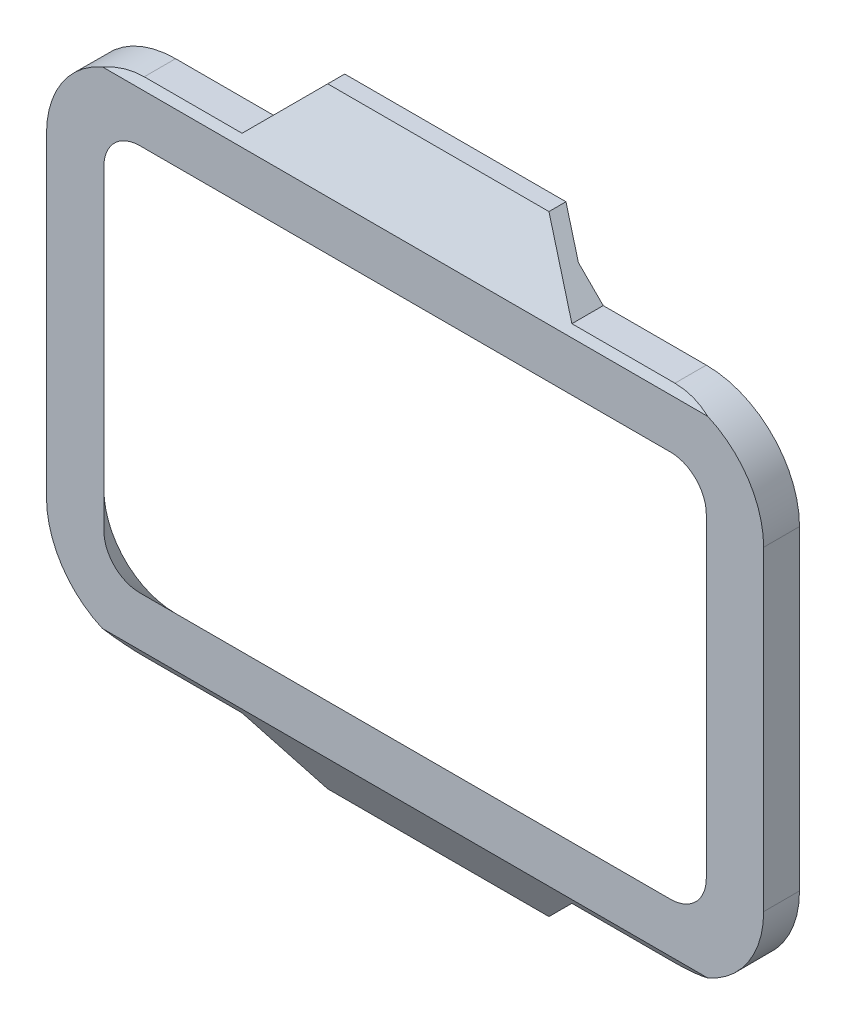
ISO-10303-21;
HEADER;
FILE_DESCRIPTION(('STEP AP214'),'2;1');
FILE_NAME('part.step','',(''),(''),'','','');
FILE_SCHEMA(('AUTOMOTIVE_DESIGN { 1 0 10303 214 1 1 1 1 }'));
ENDSEC;
DATA;
#1=APPLICATION_CONTEXT('core data for automotive mechanical design processes');
#2=APPLICATION_PROTOCOL_DEFINITION('international standard','automotive_design',2000,#1);
#3=PRODUCT_CONTEXT('',#1,'mechanical');
#4=PRODUCT('Part','Part','',(#3));
#5=PRODUCT_RELATED_PRODUCT_CATEGORY('part','',(#4));
#6=PRODUCT_DEFINITION_FORMATION('','',#4);
#7=PRODUCT_DEFINITION_CONTEXT('part definition',#1,'design');
#8=PRODUCT_DEFINITION('design','',#6,#7);
#9=PRODUCT_DEFINITION_SHAPE('','',#8);
#10=(LENGTH_UNIT() NAMED_UNIT(*) SI_UNIT(.MILLI.,.METRE.));
#11=(NAMED_UNIT(*) PLANE_ANGLE_UNIT() SI_UNIT($,.RADIAN.));
#12=(NAMED_UNIT(*) SI_UNIT($,.STERADIAN.) SOLID_ANGLE_UNIT());
#13=UNCERTAINTY_MEASURE_WITH_UNIT(LENGTH_MEASURE(1.E-05),#10,'distance_accuracy_value','');
#14=(GEOMETRIC_REPRESENTATION_CONTEXT(3) GLOBAL_UNCERTAINTY_ASSIGNED_CONTEXT((#13)) GLOBAL_UNIT_ASSIGNED_CONTEXT((#10,
#11,#12)) REPRESENTATION_CONTEXT('',''));
#15=CARTESIAN_POINT('',(0.,0.,0.));
#16=DIRECTION('',(0.,0.,1.));
#17=DIRECTION('',(1.,0.,0.));
#18=AXIS2_PLACEMENT_3D('',#15,#16,#17);
#19=CARTESIAN_POINT('',(0.,-88.0986851236343,-5.));
#20=DIRECTION('',(0.,-1.,0.));
#21=DIRECTION('',(0.,0.,-1.));
#22=AXIS2_PLACEMENT_3D('',#19,#20,#21);
#23=PLANE('',#22);
#24=DIRECTION('',(0.,0.,1.));
#25=VECTOR('',#24,1.);
#26=CARTESIAN_POINT('',(45.0115613829762,-88.0986851236343,-5.));
#27=LINE('',#26,#25);
#28=CARTESIAN_POINT('',(45.0115613829762,-88.0986851236343,-5.));
#29=VERTEX_POINT('',#28);
#30=CARTESIAN_POINT('',(45.0115613829762,-88.0986851236343,-0.628851162176113));
#31=VERTEX_POINT('',#30);
#32=EDGE_CURVE('E325',#29,#31,#27,.T.);
#33=ORIENTED_EDGE('',*,*,#32,.T.);
#34=DIRECTION('',(-1.,0.,0.));
#35=VECTOR('',#34,1.);
#36=CARTESIAN_POINT('',(0.,-88.0986851236343,-0.628851162176109));
#37=LINE('',#36,#35);
#38=CARTESIAN_POINT('',(30.6444252788379,-88.0986851236343,-0.628851162176112));
#39=VERTEX_POINT('',#38);
#40=EDGE_CURVE('E48',#31,#39,#37,.T.);
#41=ORIENTED_EDGE('',*,*,#40,.T.);
#42=DIRECTION('',(0.,0.,1.));
#43=VECTOR('',#42,1.);
#44=CARTESIAN_POINT('',(30.6444252788379,-88.0986851236343,-8.));
#45=LINE('',#44,#43);
#46=CARTESIAN_POINT('',(30.6444252788379,-88.0986851236343,-5.));
#47=VERTEX_POINT('',#46);
#48=EDGE_CURVE('E223',#47,#39,#45,.T.);
#49=ORIENTED_EDGE('',*,*,#48,.F.);
#50=DIRECTION('',(1.,0.,0.));
#51=VECTOR('',#50,1.);
#52=CARTESIAN_POINT('',(0.,-88.0986851236343,-5.));
#53=LINE('',#52,#51);
#54=EDGE_CURVE('E233',#47,#29,#53,.T.);
#55=ORIENTED_EDGE('',*,*,#54,.T.);
#56=EDGE_LOOP('',(#33,#41,#49,#55));
#57=FACE_BOUND('',#56,.T.);
#58=ADVANCED_FACE('F38',(#57),#23,.T.);
#59=DIRECTION('',(0.,0.,1.));
#60=VECTOR('',#59,1.);
#61=CARTESIAN_POINT('',(-15.345428915665,-88.0986851236343,-8.));
#62=LINE('',#61,#60);
#63=CARTESIAN_POINT('',(-15.345428915665,-88.0986851236343,-5.));
#64=VERTEX_POINT('',#63);
#65=CARTESIAN_POINT('',(-15.345428915665,-88.0986851236343,-0.628851162176108));
#66=VERTEX_POINT('',#65);
#67=EDGE_CURVE('E436',#64,#66,#62,.T.);
#68=ORIENTED_EDGE('',*,*,#67,.T.);
#69=DIRECTION('',(-1.,0.,0.));
#70=VECTOR('',#69,1.);
#71=CARTESIAN_POINT('',(0.,-88.0986851236343,-0.628851162176109));
#72=LINE('',#71,#70);
#73=CARTESIAN_POINT('',(-28.9884386170237,-88.0986851236343,-0.628851162176106));
#74=VERTEX_POINT('',#73);
#75=EDGE_CURVE('E414',#66,#74,#72,.T.);
#76=ORIENTED_EDGE('',*,*,#75,.T.);
#77=DIRECTION('',(0.,0.,1.));
#78=VECTOR('',#77,1.);
#79=CARTESIAN_POINT('',(-28.9884386170237,-88.0986851236343,-5.));
#80=LINE('',#79,#78);
#81=CARTESIAN_POINT('',(-28.9884386170237,-88.0986851236343,-5.));
#82=VERTEX_POINT('',#81);
#83=EDGE_CURVE('E327',#82,#74,#80,.T.);
#84=ORIENTED_EDGE('',*,*,#83,.F.);
#85=EDGE_CURVE('E245',#82,#64,#53,.T.);
#86=ORIENTED_EDGE('',*,*,#85,.T.);
#87=EDGE_LOOP('',(#68,#76,#84,#86));
#88=FACE_BOUND('',#87,.T.);
#89=ADVANCED_FACE('F505',(#88),#23,.T.);
#90=CARTESIAN_POINT('',(0.,-18.0986851236343,-5.));
#91=DIRECTION('',(0.,1.,0.));
#92=DIRECTION('',(-1.,0.,0.));
#93=AXIS2_PLACEMENT_3D('',#90,#91,#92);
#94=PLANE('',#93);
#95=DIRECTION('',(0.,0.,1.));
#96=VECTOR('',#95,1.);
#97=CARTESIAN_POINT('',(-28.9884386170237,-18.0986851236343,-5.));
#98=LINE('',#97,#96);
#99=CARTESIAN_POINT('',(-28.9884386170237,-18.0986851236343,-5.));
#100=VERTEX_POINT('',#99);
#101=CARTESIAN_POINT('',(-28.9884386170237,-18.0986851236343,-0.628851162176097));
#102=VERTEX_POINT('',#101);
#103=EDGE_CURVE('E314',#100,#102,#98,.T.);
#104=ORIENTED_EDGE('',*,*,#103,.T.);
#105=DIRECTION('',(-1.,0.,0.));
#106=VECTOR('',#105,1.);
#107=CARTESIAN_POINT('',(0.,-18.0986851236343,-0.628851162176101));
#108=LINE('',#107,#106);
#109=CARTESIAN_POINT('',(-15.345428915665,-18.0986851236343,-0.628851162176099));
#110=VERTEX_POINT('',#109);
#111=EDGE_CURVE('E392',#102,#110,#108,.F.);
#112=ORIENTED_EDGE('',*,*,#111,.T.);
#113=DIRECTION('',(0.,0.,1.));
#114=VECTOR('',#113,1.);
#115=CARTESIAN_POINT('',(-15.345428915665,-18.0986851236343,-8.));
#116=LINE('',#115,#114);
#117=CARTESIAN_POINT('',(-15.345428915665,-18.0986851236343,-5.));
#118=VERTEX_POINT('',#117);
#119=EDGE_CURVE('E351',#118,#110,#116,.T.);
#120=ORIENTED_EDGE('',*,*,#119,.F.);
#121=DIRECTION('',(-1.,0.,0.));
#122=VECTOR('',#121,1.);
#123=CARTESIAN_POINT('',(0.,-18.0986851236343,-5.));
#124=LINE('',#123,#122);
#125=EDGE_CURVE('E261',#118,#100,#124,.T.);
#126=ORIENTED_EDGE('',*,*,#125,.T.);
#127=EDGE_LOOP('',(#104,#112,#120,#126));
#128=FACE_BOUND('',#127,.T.);
#129=ADVANCED_FACE('F464',(#128),#94,.T.);
#130=CARTESIAN_POINT('',(-41.9884386170237,0.,-5.));
#131=DIRECTION('',(-1.,0.,0.));
#132=DIRECTION('',(0.,0.,1.));
#133=AXIS2_PLACEMENT_3D('',#130,#131,#132);
#134=PLANE('',#133);
#135=DIRECTION('',(0.,-1.,0.));
#136=VECTOR('',#135,1.);
#137=CARTESIAN_POINT('',(-41.9884386170237,0.,0.));
#138=LINE('',#137,#136);
#139=CARTESIAN_POINT('',(-41.9884386170237,-31.0986851236343,0.));
#140=VERTEX_POINT('',#139);
#141=CARTESIAN_POINT('',(-41.9884386170237,-75.0986851236343,0.));
#142=VERTEX_POINT('',#141);
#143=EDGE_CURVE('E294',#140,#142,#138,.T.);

* * * * *

WHAT YOU SHOULD DO.
When the line with "#33=ORIENTED_EDGE('',*,*,#32,.T.);" is reached in the data above, begin copying, and stop after the line with "#41=ORIENTED_EDGE('',*,*,#40,.T.);"; copy each line exactly, both ends included.

TASK RESULT.
#33=ORIENTED_EDGE('',*,*,#32,.T.);
#34=DIRECTION('',(-1.,0.,0.));
#35=VECTOR('',#34,1.);
#36=CARTESIAN_POINT('',(0.,-88.0986851236343,-0.628851162176109));
#37=LINE('',#36,#35);
#38=CARTESIAN_POINT('',(30.6444252788379,-88.0986851236343,-0.628851162176112));
#39=VERTEX_POINT('',#38);
#40=EDGE_CURVE('E48',#31,#39,#37,.T.);
#41=ORIENTED_EDGE('',*,*,#40,.T.);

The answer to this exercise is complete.